### YOUR INSTRUCTIONS
Copy the lines of the data below exactly, starting at the first and stopping after the line that contains "blk.add_line(p, q, dxfattribs=at)"; include no pictures.

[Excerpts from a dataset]
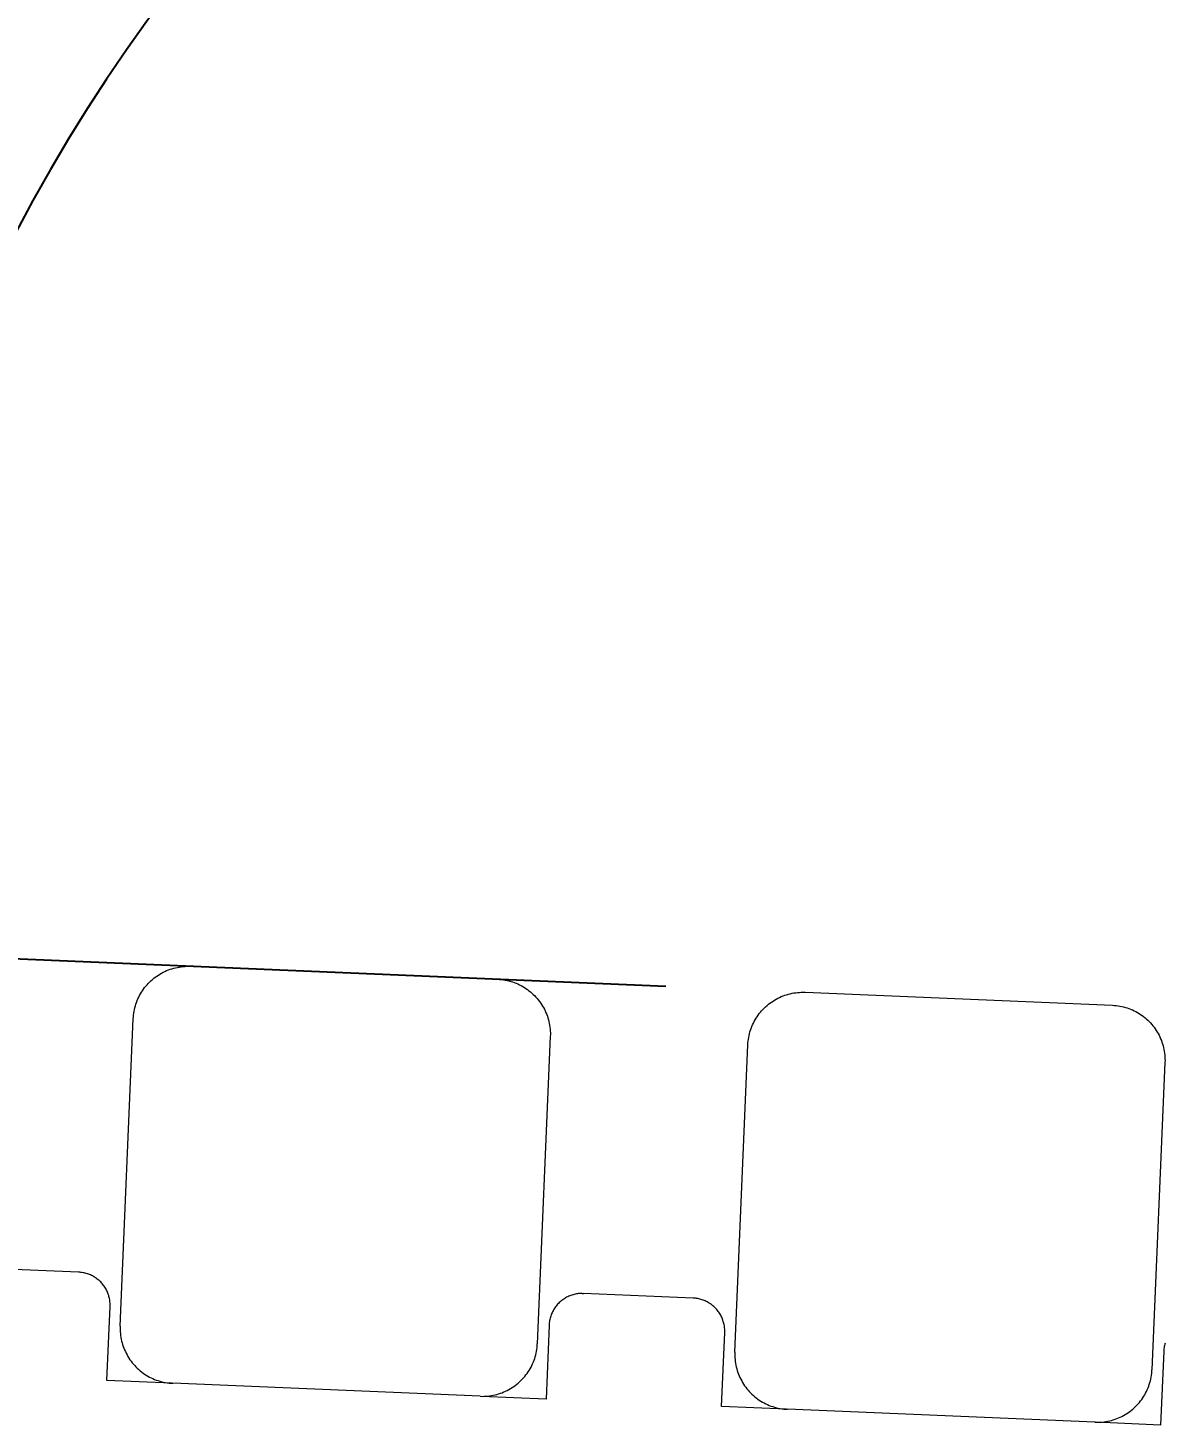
# Model space of a CAD drawing. Header units: inches. Extents: x -6 to 177, y -6 to 113.
# Drawn here: x 96.06 to 100.14, y 83.45 to 88.45 of the extents above; entities that cross this region are included whole.
import ezdxf

# ---------------------------------------------------------------- set-up
doc = ezdxf.new("R2010")
doc.units = ezdxf.units.IN
doc.layers.add('ZANO_R', color=7, linetype='Continuous', lineweight=0)
doc.layers.add('ZANO_W', color=1, linetype='Continuous', lineweight=0)
doc.styles.get("Standard").update_dxf_attribs({"font": 'arial.ttf'})
doc.dimstyles.new('amerykanie', dxfattribs={"dimtxt": 50, "dimasz": 50, "dimexe": 0.5, "dimexo": 0.5, "dimgap": 1, "dimtad": 1, "dimdec": 0, "dimzin": 0, "dimlunit": 5, "dimtxsty": 'Standard', "dimcen": 0.09, "dimclrd": 1, "dimclre": 1, "dimclrt": 1, "dimazin": 0, "dimtfac": 1, "dimtdec": 0, "dimtmove": 0, "dimatfit": 3, "dimfxl": 1, "dimtzin": 0, "dimarcsym": 1})

# ---------------------------------------------------------------- blocks, each defined once
blk = doc.blocks.new('*D361')
at = {"layer": 'ZANO_W', "color": 1, "lineweight": -2}
for p, q in [((101.7695, 87.3502), (102.3408, 91.429)), ((98.3457, 85.0177), (94.8251, 85.1665))]:
    blk.add_line(p, q, dxfattribs=at)
blk.add_arc((101.4245, 84.8876), 6.1052, 91.42054, 168.18462, dxfattribs=at)
at = {"layer": 'ZANO_W', "color": 1}
for points in [[(101.2636, 90.8246), (101.2826, 91.1574), (102.2715, 90.9338)], [(95.2832, 86.1583), (95.614, 86.117), (95.3247, 85.1454)]]:
    blk.add_solid(points, dxfattribs=at)
at = {"layer": 'ZANO_W', "color": 1, "insert": (96.6579, 90.608), "char_height": 1.625, "attachment_point": 5, "rotation": 39.8026}
blk.add_mtext("95%%d33'", dxfattribs=at)

msp = doc.modelspace()

# ---------------------------------------------------------------- linework, layer by layer
at = {"layer": 'ZANO_R'}
for p, q in [((96.50575, 85.04244), (96.51093, 85.04673)), ((96.51093, 85.04673), (96.51625, 85.05084)), ((96.51625, 85.05084), (96.5217, 85.05477)), ((96.5217, 85.05477), (96.52729, 85.05851)), ((96.52729, 85.05851), (96.533, 85.06205)), ((96.533, 85.06205), (96.53883, 85.0654)), ((96.53883, 85.0654), (96.54478, 85.06854)), ((96.54478, 85.06854), (96.55082, 85.07149)), ((96.55082, 85.07149), (96.55696, 85.07422)), ((96.55696, 85.07422), (96.56319, 85.07674)), ((96.56319, 85.07674), (96.56951, 85.07905)), ((96.56951, 85.07905), (96.57589, 85.08114)), ((96.57589, 85.08114), (96.58235, 85.08301)), ((96.58235, 85.08301), (96.58887, 85.08466)), ((96.58887, 85.08466), (96.59544, 85.08609)), ((96.59544, 85.08609), (96.60205, 85.08729)), ((96.60205, 85.08729), (96.6087, 85.08827)), ((96.6087, 85.08827), (96.61538, 85.08901)), ((96.61538, 85.08901), (96.62209, 85.08953)), ((96.62209, 85.08953), (96.6288, 85.08982)), ((96.6288, 85.08982), (96.63552, 85.08988)), ((96.63552, 85.08988), (96.64224, 85.08971)), ((96.64224, 85.08971), (97.74373, 85.04316)), ((96.46311, 84.99089), (96.46655, 84.99667)), ((96.46655, 84.99667), (96.47019, 85.00232)), ((96.47019, 85.00232), (96.47402, 85.00785)), ((96.47402, 85.00785), (96.47803, 85.01324)), ((96.47803, 85.01324), (96.48223, 85.01849)), ((96.48223, 85.01849), (96.4866, 85.0236)), ((96.4866, 85.0236), (96.49114, 85.02855)), ((96.49114, 85.02855), (96.49585, 85.03335)), ((96.49585, 85.03335), (96.50073, 85.03798)), ((96.50073, 85.03798), (96.50575, 85.04244)), ((97.74373, 85.04316), (97.75044, 85.04276)), ((97.75044, 85.04276), (97.75713, 85.04213)), ((97.75713, 85.04213), (97.7638, 85.04128)), ((97.7638, 85.04128), (97.77043, 85.04019)), ((97.77043, 85.04019), (97.77703, 85.03889)), ((97.77703, 85.03889), (97.78357, 85.03735)), ((97.78357, 85.03735), (97.79006, 85.0356)), ((97.79006, 85.0356), (97.79649, 85.03362)), ((97.79649, 85.03362), (97.80284, 85.03143)), ((97.80284, 85.03143), (97.80912, 85.02902)), ((97.80912, 85.02902), (97.81531, 85.02639)), ((97.81531, 85.02639), (97.8214, 85.02356)), ((97.8214, 85.02356), (97.8274, 85.02052)), ((97.8274, 85.02052), (97.83329, 85.01728)), ((97.83329, 85.01728), (97.83906, 85.01384)), ((97.83906, 85.01384), (97.84472, 85.0102)), ((97.84472, 85.0102), (97.85024, 85.00638)), ((97.85024, 85.00638), (97.85563, 85.00236)), ((97.85563, 85.00236), (97.86089, 84.99817)), ((97.86089, 84.99817), (97.86599, 84.9938)), ((98.80502, 84.99418), (98.81167, 84.99516)), ((98.81167, 84.99516), (98.81835, 84.9959)), ((98.81835, 84.9959), (98.82505, 84.99642)), ((98.82505, 84.99642), (98.83177, 84.99671)), ((98.83177, 84.99671), (98.83849, 84.99677)), ((98.83849, 84.99677), (98.84521, 84.9966)), ((98.84521, 84.9966), (99.94669, 84.95005)), ((96.44304, 84.94118), (96.4448, 84.94767)), ((96.4448, 84.94767), (96.44677, 84.95409)), ((96.44677, 84.95409), (96.44897, 84.96045)), ((96.44897, 84.96045), (96.45138, 84.96672)), ((96.45138, 84.96672), (96.454, 84.97291)), ((96.454, 84.97291), (96.45683, 84.97901)), ((96.45683, 84.97901), (96.45987, 84.985)), ((96.45987, 84.985), (96.46311, 84.99089)), ((97.86599, 84.9938), (97.87095, 84.98925)), ((97.87095, 84.98925), (97.87574, 84.98454)), ((97.87574, 84.98454), (97.88038, 84.97967)), ((97.88038, 84.97967), (97.88484, 84.97464)), ((97.88484, 84.97464), (97.88913, 84.96947)), ((97.88913, 84.96947), (97.89324, 84.96415)), ((97.89324, 84.96415), (97.89716, 84.95869)), ((97.89716, 84.95869), (97.9009, 84.9531)), ((97.9009, 84.9531), (97.90444, 84.94739)), ((97.90444, 84.94739), (97.90779, 84.94156)), ((98.70369, 84.94487), (98.70872, 84.94934)), ((98.70872, 84.94934), (98.7139, 84.95362)), ((98.7139, 84.95362), (98.71922, 84.95773)), ((98.71922, 84.95773), (98.72467, 84.96166)), ((98.72467, 84.96166), (98.73026, 84.9654)), ((98.73026, 84.9654), (98.73597, 84.96894)), ((98.73597, 84.96894), (98.7418, 84.97229)), ((98.7418, 84.97229), (98.74774, 84.97543)), ((98.74774, 84.97543), (98.75379, 84.97838)), ((98.75379, 84.97838), (98.75993, 84.98111)), ((98.75993, 84.98111), (98.76616, 84.98363)), ((98.76616, 84.98363), (98.77247, 84.98594)), ((98.77247, 84.98594), (98.77886, 84.98803)), ((98.77886, 84.98803), (98.78532, 84.9899)), ((98.78532, 84.9899), (98.79184, 84.99155)), ((98.79184, 84.99155), (98.7984, 84.99298)), ((98.7984, 84.99298), (98.80502, 84.99418)), ((99.94669, 84.95005), (99.9534, 84.94965)), ((99.9534, 84.94965), (99.9601, 84.94902)), ((99.9601, 84.94902), (99.96677, 84.94817)), ((99.96677, 84.94817), (99.9734, 84.94709)), ((99.9734, 84.94709), (99.97999, 84.94578)), ((99.97999, 84.94578), (99.98654, 84.94424)), ((96.39068, 83.79985), (96.43724, 84.90133)), ((96.43724, 84.90133), (96.43764, 84.90804)), ((96.43764, 84.90804), (96.43826, 84.91474)), ((96.43826, 84.91474), (96.43912, 84.9214)), ((96.43912, 84.9214), (96.4402, 84.92804)), ((96.4402, 84.92804), (96.44151, 84.93463)), ((96.44151, 84.93463), (96.44304, 84.94118)), ((97.90779, 84.94156), (97.91094, 84.93562)), ((97.91094, 84.93562), (97.91388, 84.92958)), ((97.91388, 84.92958), (97.91661, 84.92343)), ((97.91661, 84.92343), (97.91914, 84.9172)), ((97.91914, 84.9172), (97.92144, 84.91089)), ((97.92144, 84.91089), (97.92353, 84.9045)), ((97.92353, 84.9045), (97.92541, 84.89804)), ((97.92541, 84.89804), (97.92706, 84.89153)), ((98.66284, 84.89189), (98.66608, 84.89778)), ((98.66608, 84.89778), (98.66952, 84.90356)), ((98.66952, 84.90356), (98.67316, 84.90921)), ((98.67316, 84.90921), (98.67699, 84.91474)), ((98.67699, 84.91474), (98.681, 84.92013)), ((98.681, 84.92013), (98.68519, 84.92538)), ((98.68519, 84.92538), (98.68957, 84.93049)), ((98.68957, 84.93049), (98.69411, 84.93544)), ((98.69411, 84.93544), (98.69882, 84.94024)), ((98.69882, 84.94024), (98.70369, 84.94487)), ((99.98654, 84.94424), (99.99303, 84.94249)), ((99.99303, 84.94249), (99.99945, 84.94051)), ((99.99945, 84.94051), (100.00581, 84.93832)), ((100.00581, 84.93832), (100.01208, 84.93591)), ((100.01208, 84.93591), (100.01827, 84.93329)), ((100.01827, 84.93329), (100.02437, 84.93045)), ((100.02437, 84.93045), (100.03037, 84.92741)), ((100.03037, 84.92741), (100.03625, 84.92417)), ((100.03625, 84.92417), (100.04203, 84.92073)), ((100.04203, 84.92073), (100.04768, 84.9171)), ((100.04768, 84.9171), (100.05321, 84.91327)), ((100.05321, 84.91327), (100.0586, 84.90925)), ((100.0586, 84.90925), (100.06385, 84.90506)), ((100.06385, 84.90506), (100.06896, 84.90069)), ((100.06896, 84.90069), (100.07391, 84.89614)), ((100.07391, 84.89614), (100.07871, 84.89143)), ((97.92706, 84.89153), (97.92848, 84.88496)), ((97.92848, 84.88496), (97.92968, 84.87834)), ((97.92968, 84.87834), (97.93066, 84.87169)), ((97.93066, 84.87169), (97.93141, 84.86501)), ((97.93141, 84.86501), (97.93193, 84.85831)), ((97.93193, 84.85831), (97.93222, 84.85159)), ((97.93228, 84.84487), (97.93211, 84.83815)), ((97.93222, 84.85159), (97.93228, 84.84487)), ((98.64448, 84.84152), (98.64601, 84.84807)), ((98.64601, 84.84807), (98.64776, 84.85456)), ((98.64776, 84.85456), (98.64974, 84.86098)), ((98.64974, 84.86098), (98.65193, 84.86734)), ((98.65193, 84.86734), (98.65434, 84.87361)), ((98.65434, 84.87361), (98.65697, 84.8798)), ((98.65697, 84.8798), (98.6598, 84.8859)), ((98.6598, 84.8859), (98.66284, 84.89189)), ((100.07871, 84.89143), (100.08334, 84.88656)), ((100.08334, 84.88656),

### RESULT OF THE EXERCISE
# Model space of a CAD drawing. Header units: inches. Extents: x -6 to 177, y -6 to 113.
# Drawn here: x 96.06 to 100.14, y 83.45 to 88.45 of the extents above; entities that cross this region are included whole.
import ezdxf

# ---------------------------------------------------------------- set-up
doc = ezdxf.new("R2010")
doc.units = ezdxf.units.IN
doc.layers.add('ZANO_R', color=7, linetype='Continuous', lineweight=0)
doc.layers.add('ZANO_W', color=1, linetype='Continuous', lineweight=0)
doc.styles.get("Standard").update_dxf_attribs({"font": 'arial.ttf'})
doc.dimstyles.new('amerykanie', dxfattribs={"dimtxt": 50, "dimasz": 50, "dimexe": 0.5, "dimexo": 0.5, "dimgap": 1, "dimtad": 1, "dimdec": 0, "dimzin": 0, "dimlunit": 5, "dimtxsty": 'Standard', "dimcen": 0.09, "dimclrd": 1, "dimclre": 1, "dimclrt": 1, "dimazin": 0, "dimtfac": 1, "dimtdec": 0, "dimtmove": 0, "dimatfit": 3, "dimfxl": 1, "dimtzin": 0, "dimarcsym": 1})

# ---------------------------------------------------------------- blocks, each defined once
blk = doc.blocks.new('*D361')
at = {"layer": 'ZANO_W', "color": 1, "lineweight": -2}
for p, q in [((101.7695, 87.3502), (102.3408, 91.429)), ((98.3457, 85.0177), (94.8251, 85.1665))]:
    blk.add_line(p, q, dxfattribs=at)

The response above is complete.